Saturday, May 1, 2010

US Stock Futures Trim Gains After GDP





U.S. stock futures trimmed their modest gains Friday after first-quarter gross domestic product grew slightly less than expected and U.S. labor costs rose incrementally.

After the report, Dow Jones Industrial Average futures were up 5, while Standard & Poor's 500-share index futures rose less than one point and Nasdaq Composite futures edged up two points. Prior to the data, Dow futures had been up 17, while S&P futures climbed 2 and Nasdaq futures advanced 4.

The Dow is on track to close up for the third month in a row, despite some turbulent days when instability in Greece and news of the fraud charges against Goldman Sachs roiled markets. The measure has gained over 12 of the last 14 months.

The Commerce Department said Friday that the U.S. first-quarter GDP rose at a 3.2% annual rate January through March, slightly below the 3.3% growth expected by economists surveyed by Dow Jones. But encouragingly, the growth was driven by businesses stocking up on goods for a strengthening consumer demand stoked by the lowest core inflation number in 51 years.

Meanwhile, the employment cost index rose 0.6% in the first quarter of 2010, the Labor Department said in a report Friday. Wages and salaries grew 0.4%. Economists had expected the employment cost index would climb by 0.4%.

Indications of the global economic recovery were bleaker. Spain's jobless rate rose to over 20% in the first quarter as the euro-zone jobless rate held at 10% in March.

The euro strengthened against the dollar after Greece agreed with the International Monetary Fund and the European Union to take additional austerity measures expected to yield "around EUR23 billion" ($30 billion) as a precondition for financial assistance, a Greek official familiar with the talks on aid said.

Two weeks after the Securities and Exchange Commission filed civil fraud charges against Goldman Sachs Group, federal prosecutors in the Manhattan U.S. Attorney's Office launched their own criminal investigation into whether the company or its employees committed securities fraud in connection with its mortgage trading, sending Goldman Sachs shares down 4.3%, in premarket trading.

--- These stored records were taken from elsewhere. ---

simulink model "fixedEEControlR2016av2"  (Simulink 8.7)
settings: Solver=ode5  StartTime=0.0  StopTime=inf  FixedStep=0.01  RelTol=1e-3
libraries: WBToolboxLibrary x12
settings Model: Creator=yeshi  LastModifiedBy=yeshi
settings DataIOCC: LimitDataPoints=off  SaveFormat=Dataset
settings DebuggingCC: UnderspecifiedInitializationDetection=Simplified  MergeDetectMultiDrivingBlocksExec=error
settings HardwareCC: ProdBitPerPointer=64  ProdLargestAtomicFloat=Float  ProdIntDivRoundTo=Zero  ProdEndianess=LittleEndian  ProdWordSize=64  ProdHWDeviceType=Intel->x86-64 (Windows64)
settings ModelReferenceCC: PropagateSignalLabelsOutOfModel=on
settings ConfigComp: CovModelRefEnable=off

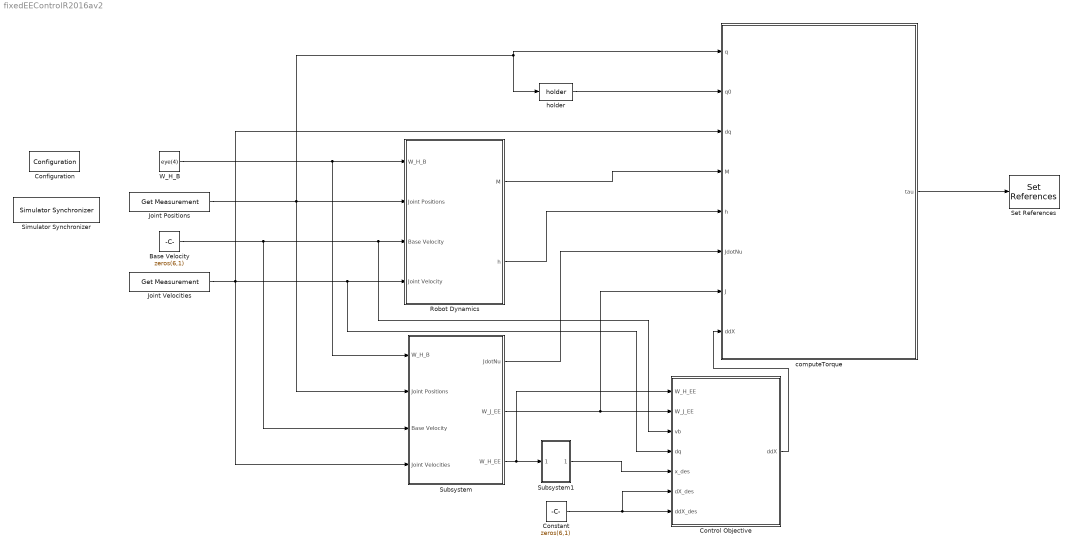
== system fixedEEControlR2016av2 ==
  Base Velocity : Constant  Value=zeros(6,1)
  Configuration : WBToolboxLibrary/Utilities/Configuration  ConfigSource=Workspace  ConfigObject='WBTConfigRobot'
  Constant : Constant  Value=zeros(6,1)
  Control Objective : MATLAB Function  TreatAsAtomicUnit=on
  Joint Positions : WBToolboxLibrary/wholeBodyStates/Get Measurement  measuredType=Joints Position
  Joint Velocities : WBToolboxLibrary/wholeBodyStates/Get Measurement  measuredType=Joints Velocity
  Robot Dynamics : Subsystem
  Set References : WBToolboxLibrary/wholeBodyActuators/Set References  controlType=Torque  refSpeed=50
  Simulator Synchronizer : WBToolboxLibrary/Utilities/Simulator Synchronizer  period=0.01  serverPortName='/clock/rpc'  clientPortName='/WBT_synchronizer/rpc:o'
  Subsystem : Subsystem
  Subsystem1 : Subsystem
  W_H_B : Constant  Value=eye(4)
  computeTorque : MATLAB Function  TreatAsAtomicUnit=on
  "holder " : WBToolboxLibrary/Utilities/holder 
  wires:
  W_H_B/1 -> Subsystem/1(W_H_B), Robot Dynamics/1(W_H_B)
  Joint Positions/1 -> "holder "/1, computeTorque/1(q), Subsystem/2(Joint Positions), Robot Dynamics/2(Joint Positions)
  Joint Velocities/1 -> computeTorque/3(dq), Subsystem/4(Joint Velocities), Control Objective/4(dq), Robot Dynamics/4(Joint Velocity)
  Robot Dynamics/1(M) -> computeTorque/4(M)
  Robot Dynamics/2(h) -> computeTorque/5(h)
  Subsystem/1(JdotNu) -> computeTorque/6(JdotNu)
  Subsystem/2(W_J_EE) -> Control Objective/2(W_J_EE), computeTorque/7(J)
  "holder "/1 -> computeTorque/2(q0)
  computeTorque/1(tau) -> Set References/1
  Subsystem/3(W_H_EE) -> Control Objective/1(W_H_EE), Subsystem1/1(In1)
  Subsystem1/1(Xdes) -> Control Objective/5(x_des)
  Constant/1 -> Control Objective/7(ddX_des), Control Objective/6(dX_des)
  Control Objective/1(ddX) -> computeTorque/8(ddX)
  Base Velocity/1 -> Subsystem/3(Base Velocity), Control Objective/3(vb), Robot Dynamics/3(Base Velocity)

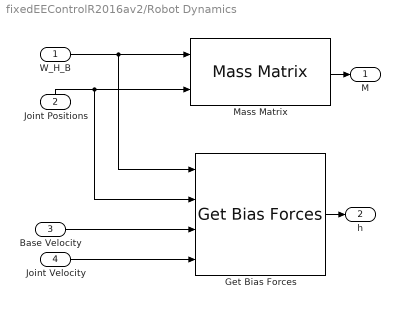
== system fixedEEControlR2016av2/Robot Dynamics ==
  W_H_B : Inport
  Joint Positions : Inport  Port=2
  Base Velocity : Inport  Port=3
  Joint Velocity : Inport  Port=4
  Get Bias Forces : WBToolboxLibrary/wholeBodyModel/Dynamics/Get Bias Forces
  Mass Matrix : WBToolboxLibrary/wholeBodyModel/Dynamics/Mass Matrix
  M : Outport
  h : Outport  Port=2
  wires:
  Base Velocity/1 -> Get Bias Forces/3
  Joint Velocity/1 -> Get Bias Forces/4
  Mass Matrix/1 -> M/1
  Get Bias Forces/1 -> h/1
  W_H_B/1 -> Get Bias Forces/1, Mass Matrix/1
  Joint Positions/1 -> Get Bias Forces/2, Mass Matrix/2

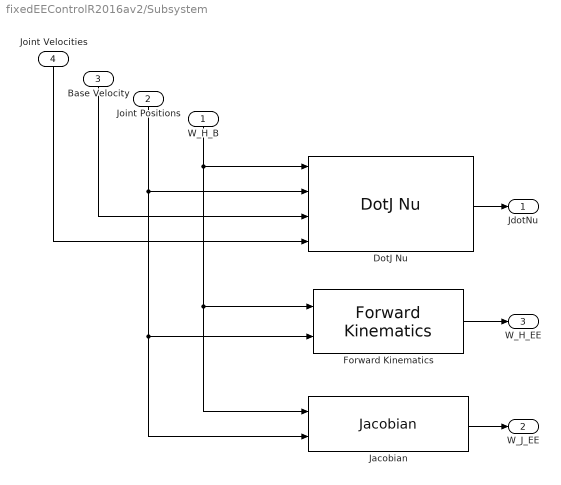
== system fixedEEControlR2016av2/Subsystem ==
  W_H_B : Inport
  Joint Positions : Inport  Port=2
  Base Velocity : Inport  Port=3
  Joint Velocities : Inport  Port=4
  DotJ Nu : WBToolboxLibrary/wholeBodyModel/Jacobians/DotJ Nu  frameName=CONFIG.EE
  Forward Kinematics : WBToolboxLibrary/wholeBodyModel/Kinematics/Forward Kinematics  frameName=CONFIG.EE
  Jacobian : WBToolboxLibrary/wholeBodyModel/Jacobians/Jacobian  frameName=CONFIG.EE
  JdotNu : Outport
  W_J_EE : Outport  Port=2
  W_H_EE : Outport  Port=3
  wires:
  Forward Kinematics/1 -> W_H_EE/1
  W_H_B/1 -> Jacobian/1, Forward Kinematics/1, DotJ Nu/1
  Joint Velocities/1 -> DotJ Nu/4
  Base Velocity/1 -> DotJ Nu/3
  DotJ Nu/1 -> JdotNu/1
  Jacobian/1 -> W_J_EE/1
  Joint Positions/1 -> Jacobian/2, Forward Kinematics/2, DotJ Nu/2

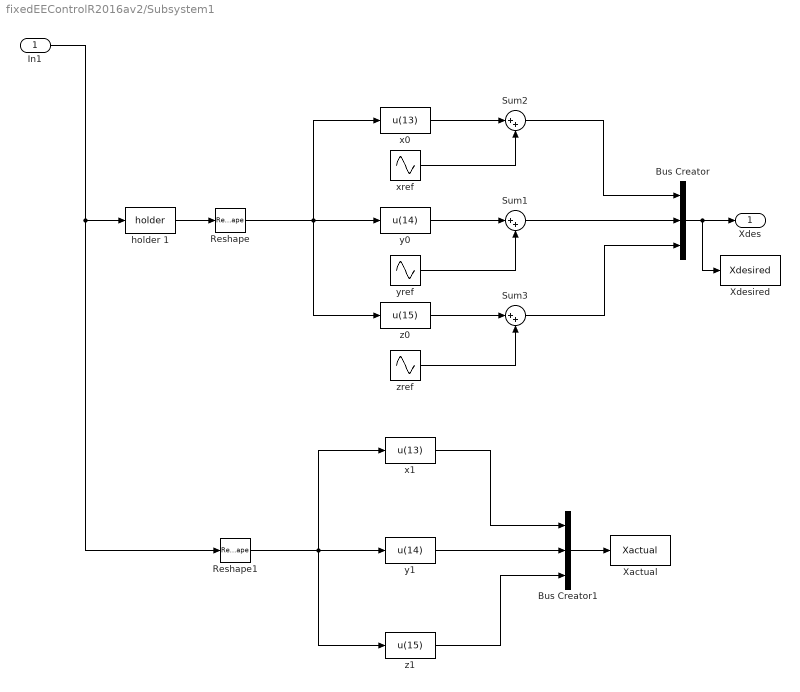
== system fixedEEControlR2016av2/Subsystem1 ==
  In1 : Inport
  Bus Creator : BusCreator  Inputs=3
  Bus Creator1 : BusCreator  Inputs=3
  Reshape : Reshape
  Reshape1 : Reshape
  Sum1 : Sum  Inputs=|++
  Sum2 : Sum  Inputs=|++
  Sum3 : Sum  Inputs=|++
  Xactual : ToWorkspace  VariableName=Xactual  SaveFormat=Timeseries  SampleTime=-1
  Xdesired : ToWorkspace  VariableName=Xdesired  SaveFormat=Timeseries  SampleTime=-1
  holder 1 : WBToolboxLibrary/Utilities/holder 
  x0 : Fcn  Expr=u(13)
  x1 : Fcn  Expr=u(13)
  xref : Sin  Amplitude=0  SampleTime=0
  y0 : Fcn  Expr=u(14)
  y1 : Fcn  Expr=u(14)
  yref : Sin  Amplitude=0.05  SampleTime=0
  z0 : Fcn  Expr=u(15)
  z1 : Fcn  Expr=u(15)
  zref : Sin  Amplitude=0.05  Phase=pi/2  SampleTime=0
  Xdes : Outport
  wires:
  Reshape1/1 -> y1/1, z1/1, x1/1
  Bus Creator1/1 -> Xactual/1
  z1/1 -> Bus Creator1/3
  y1/1 -> Bus Creator1/2
  In1/1 -> Reshape1/1, holder 1/1
  holder 1/1 -> Reshape/1
  Reshape/1 -> z0/1, y0/1, x0/1
  x0/1 -> Sum2/1
  xref/1 -> Sum2/2
  y0/1 -> Sum1/1
  yref/1 -> Sum1/2
  z0/1 -> Sum3/1
  Sum2/1 -> Bus Creator/1
  zref/1 -> Sum3/2
  Sum1/1 -> Bus Creator/2
  Sum3/1 -> Bus Creator/3
  Bus Creator/1 -> Xdes/1, Xdesired/1
  x1/1 -> Bus Creator1/1

== matlab function Control Objective ==
  data: W_H_EE input double; ddX output double; W_J_EE input double; vb input double; dq input double; x_des input double; dX_des input double; ddX_des input double
function ddX = controlObjective(W_H_EE,W_J_EE,vb,dq,x_des,dX_des,ddX_des)
   
    x = W_H_EE(1:3,4)-x_des;
    X = [x' 0 0 0]';
    
    nu = [vb' dq']';
    dX = W_J_EE*nu-dX_des;
   
    kp = 200;
    kd = 2*sqrt(kp);

    ddX = ddX_des-kp*X-kd*dX; 

end

== matlab function computeTorque ==
  data: q input double; tau output double; q0 input double; dq input double; M input double; h input double; JdotNu input double; J input double; ddX input double
function tau = computeTorque(q,q0,dq,M,h,JdotNu,J,ddX)

    dofs = 11;
    S = [zeros(dofs,6) eye(dofs)]';
    
    epsilon = 1e-20;
    lambda = J*inv(M)*S;
    alpha  = pinvDamped(lambda,epsilon);
    
    tau_pri = alpha*(ddX + J*inv(M)*h - JdotNu);
    
    nullspace = eye(size(lambda,2))- alpha*lambda;
    kp = 10;
    kd = 5;%2*sqrt(kp);
    tau_null = pinvDamped(S,epsilon)*h - kp*(q-q0) - kd*dq;
    
    tau = tau_pri + nullspace*tau_null;

end

American depositary shares of Barclays PLC dropped 6% in premarket trades after the U.K. bank reported a 29% profit rise that disappointed analysts, particularly as the group's fixed income division didn't match some peers.

Energy giant BP PLC rose 1.1% while Transocean fell 2.6% in early premarket action, following their steep losses as analysts debate the costs from the oil spill in the Gulf of Mexico. BP's market capitalization has dropped by around $25 billion since a rig fire was announced.

On Friday the oil spill reached the Louisiana coast.

The White House indicated Friday that new domestic offshore oil drilling will be on hold until the investigation of the Gulf of Mexico disaster is complete.